Over 90% of consumers trust advice from family and friends over advertising. This makes your existing customer base your most powerful marketing tool – and in true growth hacking style, a freebie.
Referral marketing relies on social proof such as word-of-mouth recommendations or written reviews. However, marketers can boost the power of social proof by encouraging existing customers to engage with target audiences on their behalf.
Subject these offers to A/B testing and discover which offers the maximum conversions for the lowest cost. The winning deal could become the foundation of a longer-term referral program, with customers bringing their friends and followers on board via a personal code which wins them further rewards.
The onboarding process is as crucial to your data collection as it is to your customer’s experience of your brand. This can and should be a transparent process; openly asking for your customers’ opinions and gaining their trust as the customer journey progresses.
Follow up purchases with a simple welcome email, followed by a message asking customers to help you customize their user experience.
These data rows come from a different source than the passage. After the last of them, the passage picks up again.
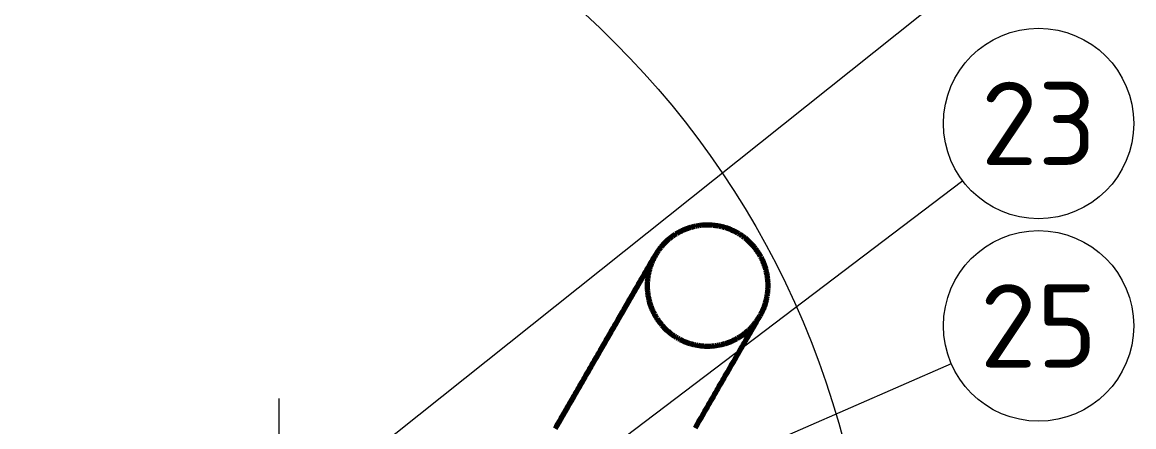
# Model space of a CAD drawing. Header units: millimetres. Extents: x 0 to 2382, y 0 to 420.
# Drawn here: x 930.95 to 977.67, y 364.1 to 381.08 of the extents above; entities that cross this region are included whole.
import ezdxf
from ezdxf.enums import TextEntityAlignment as Align

# ---------------------------------------------------------------- set-up
doc = ezdxf.new("R2010")
doc.units = ezdxf.units.MM
doc.linetypes.add('IRAM-E-TRAZOS', pattern=[5, 4, -1])
doc.linetypes.add('IRAM-F-TRAZO-PUNTO', pattern=[20, 15, -2, 1, -2])
for name, color, linetype, lineweight in [('01-VISIBLE', 7, 'CONTINUOUS', 70), ('02-OCULTA', 4, 'IRAM-E-TRAZOS', 35), ('03-EJE', 1, 'IRAM-F-TRAZO-PUNTO', 18), ('06-TEXTO', 7, 'CONTINUOUS', 25), ('08-FINA', 5, 'CONTINUOUS', 18)]:
    doc.layers.add(name, color=color, linetype=linetype, lineweight=lineweight)
doc.styles.add('ISO3098', font='isocpeur.ttf')

msp = doc.modelspace()

# ---------------------------------------------------------------- linework, layer by layer
at = {"layer": '01-VISIBLE'}
for points in [[(961.958, 368.756), (961.978, 368.791), (961.997, 368.826), (962.016, 368.862), (962.034, 368.897), (962.051, 368.934), (962.068, 368.97), (962.085, 369.006), (962.1, 369.043), (962.116, 369.08), (962.13, 369.118), (962.144, 369.155), (962.158, 369.193), (962.171, 369.231), (962.183, 369.269), (962.195, 369.308), (962.206, 369.346), (962.216, 369.385), (962.226, 369.424), (962.235, 369.463), (962.244, 369.502), (962.252, 369.541), (962.259, 369.581), (962.266, 369.62), (962.272, 369.66), (962.277, 369.7), (962.282, 369.739), (962.286, 369.779), (962.29, 369.819), (962.293, 369.859), (962.295, 369.899), (962.297, 369.939), (962.298, 369.979), (962.298, 370.019), (962.298, 370.06), (962.297, 370.1), (962.296, 370.14), (962.294, 370.18), (962.291, 370.22), (962.288, 370.26), (962.284, 370.3), (962.279, 370.339), (962.274, 370.379), (962.268, 370.419), (962.261, 370.458), (962.254, 370.498), (962.246, 370.537), (962.238, 370.576), (962.229, 370.616), (962.219, 370.654), (962.209, 370.693), (962.198, 370.732), (962.187, 370.77), (962.175, 370.809), (962.162, 370.847), (962.149, 370.884), (962.135, 370.922), (962.121, 370.959), (962.106, 370.997), (962.09, 371.034), (962.074, 371.07), (962.057, 371.107), (962.04, 371.143), (962.022, 371.179), (962.003, 371.214), (961.984, 371.25), (961.965, 371.285), (961.945, 371.319), (961.924, 371.354), (961.903, 371.388), (961.881, 371.421), (961.859, 371.455), (961.836, 371.488), (961.812, 371.52), (961.789, 371.552), (961.764, 371.584), (961.739, 371.616), (961.714, 371.647), (961.688, 371.678), (961.662, 371.708), (961.635, 371.738), (961.608, 371.767), (961.58, 371.796), (961.552, 371.825), (961.523, 371.853), (961.494, 371.88), (961.465, 371.907), (961.435, 371.934), (961.405, 371.96), (961.374, 371.986), (961.343, 372.011), (961.311, 372.036), (961.279, 372.06), (961.247, 372.084), (961.214, 372.107), (961.181, 372.13), (961.148, 372.152), (961.114, 372.174), (961.08, 372.195), (961.046, 372.216), (961.011, 372.236), (960.976, 372.255), (960.941, 372.274), (960.905, 372.293), (960.869, 372.31), (960.833, 372.328), (960.796, 372.344), (960.76, 372.36), (960.723, 372.376), (960.685, 372.391), (960.648, 372.405), (960.61, 372.419), (960.572, 372.432), (960.534, 372.445), (960.496, 372.457), (960.458, 372.468), (960.419, 372.479), (960.38, 372.489), (960.341, 372.498), (960.302, 372.507), (960.263, 372.516), (960.224, 372.523), (960.184, 372.53), (960.144, 372.537), (960.105, 372.542), (960.065, 372.548), (960.025, 372.552), (959.985, 372.556), (959.945, 372.559), (959.905, 372.562), (959.865, 372.564), (959.825, 372.565), (959.785, 372.566), (959.745, 372.566), (959.705, 372.566), (959.665, 372.564), (959.625, 372.563), (959.585, 372.56), (959.545, 372.557), (959.505, 372.553), (959.465, 372.549), (959.425, 372.544), (959.385, 372.539), (959.346, 372.532), (959.306, 372.526), (959.267, 372.518), (959.228, 372.51), (959.188, 372.501), (959.149, 372.492), (959.111, 372.482), (959.072, 372.472), (959.033, 372.461), (958.995, 372.449), (958.957, 372.436), (958.919, 372.423), (958.881, 372.41), (958.844, 372.396), (958.806, 372.381), (958.769, 372.366), (958.733, 372.35), (958.696, 372.333), (958.66, 372.316), (958.624, 372.299), (958.588, 372.28), (958.553, 372.262), (958.517, 372.242), (958.483, 372.223), (958.448, 372.202), (958.414, 372.181), (958.38, 372.16), (958.346, 372.138), (958.313, 372.115), (958.281, 372.092), (958.248, 372.068), (958.216, 372.044), (958.184, 372.02), (958.153, 371.995), (958.122, 371.969), (958.092, 371.943), (958.062, 371.916), (958.032, 371.889), (958.003, 371.862), (957.974, 371.834), (957.946, 371.806), (957.918, 371.777), (957.891, 371.747), (957.864, 371.718), (957.837, 371.688), (957.811, 371.657), (957.786, 371.626), (957.761, 371.595), (957.736, 371.563), (957.712, 371.531), (957.689, 371.499), (957.666, 371.466), (957.643, 371.432), (957.621, 371.399), (957.6, 371.365), (957.579, 371.331), (957.559, 371.296)], [(953.359, 364.022), (953.409, 364.108), (953.459, 364.195), (953.509, 364.281), (953.559, 364.368), (953.609, 364.455), (953.659, 364.541), (953.709, 364.628), (953.759, 364.714), (953.809, 364.801), (953.859, 364.888), (953.909, 364.974), (953.959, 365.061), (954.009, 365.147), (954.059, 365.234), (954.109, 365.321), (954.159, 365.407), (954.209, 365.494), (954.259, 365.58), (954.309, 365.667), (954.359, 365.754), (954.409, 365.84), (954.459, 365.927), (954.509, 366.013), (954.559, 366.1), (954.609, 366.187), (954.659, 366.273), (954.709, 366.36), (954.759, 366.446), (954.809, 366.533), (954.859, 366.62), (954.909, 366.706), (954.959, 366.793), (955.009, 366.879), (955.059, 366.966), (955.109, 367.053), (955.159, 367.139), (955.209, 367.226), (955.259, 367.312), (955.309, 367.399), (955.359, 367.486), (955.409, 367.572), (955.459, 367.659), (955.509, 367.745), (955.559, 367.832), (955.609, 367.919), (955.659, 368.005), (955.709, 368.092), (955.759, 368.178), (955.809, 368.265), (955.859, 368.352), (955.909, 368.438), (955.959, 368.525), (956.009, 368.611), (956.059, 368.698), (956.109, 368.785), (956.159, 368.871), (956.209, 368.958), (956.259, 369.044), (956.309, 369.131), (956.359, 369.218), (956.409, 369.304), (956.459, 369.391), (956.509, 369.477), (956.559, 369.564), (956.609, 369.651), (956.659, 369.737), (956.709, 369.824), (956.759, 369.911), (956.809, 369.997), (956.859, 370.084), (956.909, 370.17), (956.959, 370.257), (957.009, 370.344), (957.059, 370.43), (957.109, 370.517), (957.159, 370.603), (957.209, 370.69), (957.259, 370.777), (957.309, 370.863), (957.359, 370.95), (957.409, 371.036), (957.459, 371.123), (957.509, 371.21), (957.559, 371.296)], [(953.389, 364.074), (953.439, 364.161), (953.489, 364.248), (953.54, 364.335), (953.59, 364.422), (953.64, 364.509), (953.69, 364.596), (953.741, 364.683), (953.791, 364.77), (953.841, 364.857), (953.891, 364.944), (953.941, 365.031), (953.992, 365.118), (954.042, 365.205), (954.092, 365.292), (954.142, 365.379), (954.193, 365.466), (954.243, 365.553), (954.293, 365.64), (954.343, 365.727), (954.394, 365.814), (954.444, 365.901), (954.494, 365.988), (954.544, 366.075), (954.595, 366.162), (954.645, 366.249), (954.695, 366.336), (954.745, 366.423), (954.796, 366.51), (954.846, 366.597), (954.896, 366.684), (954.946, 366.771), (954.996, 366.858), (955.047, 366.945), (955.097, 367.032), (955.147, 367.119), (955.197, 367.206), (955.248, 367.293), (955.298, 367.38), (955.348, 367.468), (955.398, 367.555), (955.449, 367.642), (955.499, 367.729), (955.549, 367.816), (955.599, 367.903), (955.65, 367.99), (955.7, 368.077), (955.75, 368.164), (955.8, 368.251), (955.851, 368.338), (955.901, 368.425), (955.951, 368.512), (956.001, 368.599), (956.051, 368.686), (956.102, 368.773), (956.152, 368.86), (956.202, 368.947), (956.252, 369.034), (956.303, 369.121), (956.353, 369.208), (956.403, 369.295), (956.453, 369.382), (956.504, 369.469), (956.554, 369.556), (956.604, 369.643), (956.654, 369.73), (956.705, 369.817), (956.755, 369.904), (956.805, 369.991), (956.855, 370.078), (956.906, 370.165), (956.956, 370.252), (957.006, 370.339), (957.056, 370.426), (957.106, 370.513), (957.157, 370.6), (957.207, 370.687), (957.257, 370.774), (957.307, 370.861), (957.358, 370.948), (957.408, 371.035), (957.458, 371.122), (957.508, 371.209), (957.559, 371.296)], [(957.559, 371.296), (957.539, 371.261), (957.519, 371.226), (957.501, 371.19), (957.483, 371.154), (957.465, 371.118), (957.448, 371.081), (957.431, 371.045), (957.416, 371.007), (957.4, 370.97), (957.386, 370.933), (957.372, 370.895), (957.358, 370.857), (957.345, 370.819), (957.333, 370.78), (957.321, 370.742), (957.31, 370.703), (957.3, 370.664), (957.29, 370.625), (957.281, 370.586), (957.272, 370.546), (957.264, 370.507), (957.257, 370.467), (957.25, 370.427), (957.244, 370.388), (957.239, 370.348), (957.234, 370.308), (957.23, 370.268), (957.226, 370.227), (957.223, 370.187), (957.221, 370.147), (957.22, 370.107), (957.219, 370.066), (957.218, 370.026), (957.219, 369.986), (957.22, 369.946), (957.221, 369.905), (957.223, 369.865), (957.226, 369.825), (957.23, 369.785), (957.234, 369.745), (957.239, 369.705), (957.244, 369.665), (957.25, 369.625), (957.257, 369.585), (957.264, 369.545), (957.272, 369.506), (957.281, 369.467), (957.29, 369.427), (957.3, 369.388), (957.31, 369.349), (957.321, 369.311), (957.333, 369.272), (957.345, 369.234), (957.358, 369.195), (957.372, 369.157), (957.386, 369.12), (957.4, 369.082), (957.416, 369.045), (957.431, 369.008), (957.448, 368.971), (957.465, 368.934), (957.483, 368.898), (957.501, 368.862), (957.519, 368.827), (957.539, 368.791), (957.559, 368.756), (957.579, 368.721), (957.6, 368.687), (957.622, 368.653), (957.644, 368.619), (957.666, 368.586), (957.689, 368.553), (957.713, 368.52), (957.737, 368.488), (957.762, 368.456), (957.787, 368.425), (957.813, 368.393), (957.839, 368.363), (957.865, 368.333), (957.892, 368.303), (957.92, 368.273), (957.948, 368.244), (957.977, 368.216), (958.006, 368.188), (958.035, 368.16), (958.065, 368.133), (958.095, 368.107), (958.126, 368.08), (958.157, 368.055), (958.188, 368.03), (958.22, 368.005), (958.252, 367.981), (958.285, 367.957), (958.318, 367.934), (958.351, 367.911), (958.385, 367.889), (958.419, 367.868), (958.454, 367.847), (958.488, 367.826)], [(957.559, 371.296), (957.559, 371.296), (957.559, 371.296), (957.559, 371.296), (957.559, 371.296), (957.559, 371.296), (957.559, 371.296), (957.559, 371.296), (957.559, 371.296), (957.559, 371.296), (957.559, 371.296), (957.559, 371.296), (957.559, 371.296)], [(958.488, 367.826), (958.523, 367.807), (958.559, 367.787), (958.594, 367.769), (958.63, 367.75), (958.667, 367.733), (958.703, 367.716), (958.74, 367.699), (958.777, 367.683), (958.814, 367.668), (958.852, 367.653), (958.89, 367.639), (958.928, 367.626), (958.966, 367.613), (959.004, 367.601), (959.043, 367.589), (959.081, 367.578), (959.12, 367.568), (959.16, 367.558), (959.199, 367.549), (959.238, 367.54), (959.278, 367.532), (959.317, 367.525), (959.357, 367.518), (959.397, 367.512), (959.437, 367.507), (959.477, 367.502), (959.517, 367.498), (959.557, 367.494), (959.597, 367.491), (959.637, 367.489), (959.678, 367.487), (959.718, 367.486), (959.758, 367.486), (959.799, 367.486), (959.839, 367.487), (959.879, 367.489), (959.919, 367.491), (959.96, 367.494), (960, 367.498), (960.04, 367.502), (960.08, 367.507), (960.12, 367.512), (960.16, 367.518), (960.199, 367.525), (960.239, 367.532), (960.279, 367.54), (960.318, 367.549), (960.357, 367.558), (960.396, 367.568), (960.435, 367.578), (960.474, 367.589), (960.513, 367.601), (960.551, 367.613), (960.589, 367.626), (960.627, 367.639), (960.665, 367.653), (960.702, 367.668), (960.74, 367.683), (960.777, 367.699), (960.813, 367.716), (960.85, 367.733), (960.886, 367.75), (960.922, 367.769), (960.958, 367.787), (960.993, 367.807), (961.028, 367.826), (961.063, 367.847), (961.097, 367.868), (961.132, 367.889), (961.165, 367.911), (961.199, 367.934), (961.232, 367.957), (961.264, 367.981), (961.297, 368.005), (961.328, 368.03), (961.36, 368.055), (961.391, 368.08), (961.422, 368.107), (961.452, 368.133), (961.482, 368.16), (961.511, 368.188), (961.54, 368.216), (961.569, 368.244), (961.597, 368.273), (961.624, 368.303), (961.651, 368.333), (961.678, 368.363), (961.704, 368.393), (961.73, 368.425), (961.755, 368.456), (961.78, 368.488), (961.804, 368.52), (961.827, 368.553), (961.85, 368.586), (961.873, 368.619), (961.895, 368.653), (961.917, 368.687), (961.938, 368.721), (961.958, 368.756)], [(959.244, 364.056), (959.295, 364.143), (959.345, 364.23), (959.395, 364.317), (959.445, 364.404), (959.496, 364.491), (959.546, 364.578), (959.596, 364.665), (959.646, 364.752), (959.697, 364.839), (959.747, 364.926), (959.797, 365.014), (959.847, 365.101), (959.898, 365.188), (959.948, 365.275), (959.998, 365.362), (960.048, 365.449), (960.099, 365.536), (960.149, 365.623), (960.199, 365.71), (960.249, 365.797), (960.3, 365.884), (960.35, 365.971), (960.4, 366.058), (960.451, 366.145), (960.501, 366.232), (960.551, 366.319), (960.601, 366.406), (960.652, 366.493), (960.702, 366.58), (960.752, 366.667), (960.802, 366.754), (960.853, 366.841), (960.903, 366.928), (960.953, 367.015), (961.003, 367.102), (961.054, 367.189), (961.104, 367.277), (961.154, 367.364), (961.204, 367.451), (961.255, 367.538), (961.305, 367.625), (961.355, 367.712), (961.405, 367.799), (961.456, 367.886), (961.506, 367.973), (961.556, 368.06), (961.606, 368.147), (961.657, 368.234), (961.707, 368.321), (961.757, 368.408), (961.807, 368.495), (961.858, 368.582), (961.908, 368.669), (961.958, 368.756)], [(961.958, 368.756), (961.958, 368.756), (961.958, 368.756), (961.958, 368.756), (961.958, 368.756), (961.958, 368.756), (961.958, 368.756), (961.958, 368.756), (961.958, 368.756), (961.958, 368.756), (961.958, 368.756), (961.958, 368.756), (961.958, 368.756)], [(961.958, 368.756), (961.958, 368.756), (961.958, 368.756), (961.958, 368.756), (961.958, 368.756), (961.958, 368.756), (961.958, 368.756)]]:
    msp.add_lwpolyline(points, dxfattribs=at)
at = {"layer": '02-OCULTA'}
for points in [[(961.958, 368.756), (961.978, 368.791), (961.997, 368.826), (962.016, 368.862), (962.034, 368.897), (962.051, 368.934), (962.068, 368.97), (962.085, 369.006), (962.1, 369.043), (962.116, 369.08), (962.13, 369.118), (962.144, 369.155), (962.158, 369.193), (962.171, 369.231), (962.183, 369.269), (962.195, 369.308), (962.206, 369.346), (962.216, 369.385), (962.226, 369.424), (962.235, 369.463), (962.244, 369.502), (962.252, 369.541), (962.259, 369.581), (962.266, 369.62), (962.272, 369.66), (962.277, 369.7), (962.282, 369.739), (962.286, 369.779), (962.29, 369.819), (962.293, 369.859), (962.295, 369.899), (962.297, 369.939), (962.298, 369.979), (962.298, 370.019), (962.298, 370.06), (962.297, 370.1), (962.296, 370.14), (962.294, 370.18), (962.291, 370.22), (962.288, 370.26), (962.284, 370.3), (962.279, 370.339), (962.274, 370.379), (962.268, 370.419), (962.261, 370.458), (962.254, 370.498), (962.246, 370.537), (962.238, 370.576), (962.229, 370.616), (962.219, 370.654), (962.209, 370.693), (962.198, 370.732), (962.187, 370.77), (962.175, 370.809), (962.162, 370.847), (962.149, 370.884), (962.135, 370.922), (962.121, 370.959), (962.106, 370.997), (962.09, 371.034), (962.074, 371.07), (962.057, 371.107), (962.04, 371.143), (962.022, 371.179), (962.003, 371.214), (961.984, 371.25), (961.965, 371.285), (961.945, 371.319), (961.924, 371.354), (961.903, 371.388), (961.881, 371.421), (961.859, 371.455), (961.836, 371.488), (961.812, 371.52), (961.789, 371.552), (961.764, 371.584), (961.739, 371.616), (961.714, 371.647), (961.688, 371.678), (961.662, 371.708), (961.635, 371.738), (961.608, 371.767), (961.58, 371.796), (961.552, 371.825), (961.523, 371.853), (961.494, 371.88), (961.465, 371.907), (961.435, 371.934), (961.405, 371.96), (961.374, 371.986), (961.343, 372.011), (961.311, 372.036), (961.279, 372.06), (961.247, 372.084), (961.214, 372.107), (961.181, 372.13), (961.148, 372.152), (961.114, 372.174), (961.08, 372.195), (961.046, 372.216), (961.011, 372.236), (960.976, 372.255), (960.941, 372.274), (960.905, 372.293), (960.869, 372.31), (960.833, 372.328), (960.796, 372.344), (960.76, 372.36), (960.723, 372.376), (960.685, 372.391), (960.648, 372.405), (960.61, 372.419), (960.572, 372.432), (960.534, 372.445), (960.496, 372.457), (960.458, 372.468), (960.419, 372.479), (960.38, 372.489), (960.341, 372.498), (960.302, 372.507), (960.263, 372.516), (960.224, 372.523), (960.184, 372.53), (960.144, 372.537), (960.105, 372.542), (960.065, 372.548), (960.025, 372.552), (959.985, 372.556), (959.945, 372.559), (959.905, 372.562), (959.865, 372.564), (959.825, 372.565), (959.785, 372.566), (959.745, 372.566), (959.705, 372.566), (959.665, 372.564), (959.625, 372.563), (959.585, 372.56), (959.545, 372.557), (959.505, 372.553), (959.465, 372.549), (959.425, 372.544), (959.385, 372.539), (959.346, 372.532), (959.306, 372.526), (959.267, 372.518), (959.228, 372.51), (959.188, 372.501), (959.149, 372.492), (959.111, 372.482), (959.072, 372.472), (959.033, 372.461), (958.995, 372.449), (958.957, 372.436), (958.919, 372.423), (958.881, 372.41), (958.844, 372.396), (958.806, 372.381), (958.769, 372.366), (958.733, 372.35), (958.696, 372.333), (958.66, 372.316), (958.624, 372.299), (958.588, 372.28), (958.553, 372.262), (958.517, 372.242), (958.483, 372.223), (958.448, 372.202), (958.414, 372.181), (958.38, 372.16), (958.346, 372.138), (958.313, 372.115), (958.281, 372.092), (958.248, 372.068), (958.216, 372.044), (958.184, 372.02), (958.153, 371.995), (958.122, 371.969), (958.092, 371.943), (958.062, 371.916), (958.032, 371.889), (958.003, 371.862), (957.974, 371.834), (957.946, 371.806), (957.918, 371.777), (957.891, 371.747), (957.864, 371.718), (957.837, 371.688), (957.811, 371.657), (957.786, 371.626), (957.761, 371.595), (957.736, 371.563), (957.712, 371.531), (957.689, 371.499), (957.666, 371.466), (957.643, 371.432), (957.621, 371.399), (957.6, 371.365), (957.579, 371.331), (957.559, 371.296)], [(957.559, 371.296), (957.539, 371.261), (957.519, 371.226), (957.501, 371.19), (957.482, 371.154), (957.465, 371.118), (957.448, 371.081), (957.431, 371.044), (957.416, 371.007), (957.4, 370.97), (957.386, 370.933), (957.371, 370.895), (957.358, 370.857), (957.345, 370.819), (957.333, 370.78), (957.321, 370.742), (957.31, 370.703), (957.3, 370.664), (957.29, 370.625), (957.281, 370.586), (957.272, 370.546), (957.264, 370.507), (957.257, 370.467), (957.25, 370.427), (957.244, 370.388), (957.239, 370.348), (957.234, 370.308), (957.23, 370.268), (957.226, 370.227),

Instead of a lengthy questionnaire, questions can be sent via a drip campaign, calling for just a single click per email over several days or weeks.
With AI tools on board, this process can be customized and automated based on each new user’s preferences, resulting in fully optimized offers that speak directly to individuals and maximize their engagement going forward.
In the era of Amazon, customers can easily shop around if an online retail experience isn’t the best fit. However, the amount of choice online can often feel like a burden, with seemingly endless options to explore. If they find a brand that fits their needs, they’re likely to return there.
Show your customers that they’re more than just numbers on a spreadsheet to elicit genuine loyalty. Consider a membership program with points toward purchase incentivizing different actions, or a mailing list with exclusive offers and early access to new products.
These touches keep customers feeling valued as patrons, which boosts engagement and increases the likelihood of further sales. Use data from previous purchases to customize your campaign and create the sense of a two-way relationship with buyers.
With the right tools, technologies, and skills in place, growth marketing should become the basis for business decisions across the board. However, a few growth hacks aren’t going to keep an organization growing indefinitely.
You need to formulate a long-term growth plan, incorporating various hacks along the way, and testing regularly for optimized engagement and customer experience throughout the life cycle. Customization is key to this, disrupting the traditional marketing flow by building campaigns around your customers as individuals.
While these strategies are a great launching point for your growth journey, the heart of growth marketing is change. Make sure your team stays agile, ready to adjust strategies according to data trends, and experiment with innovations as they come to light.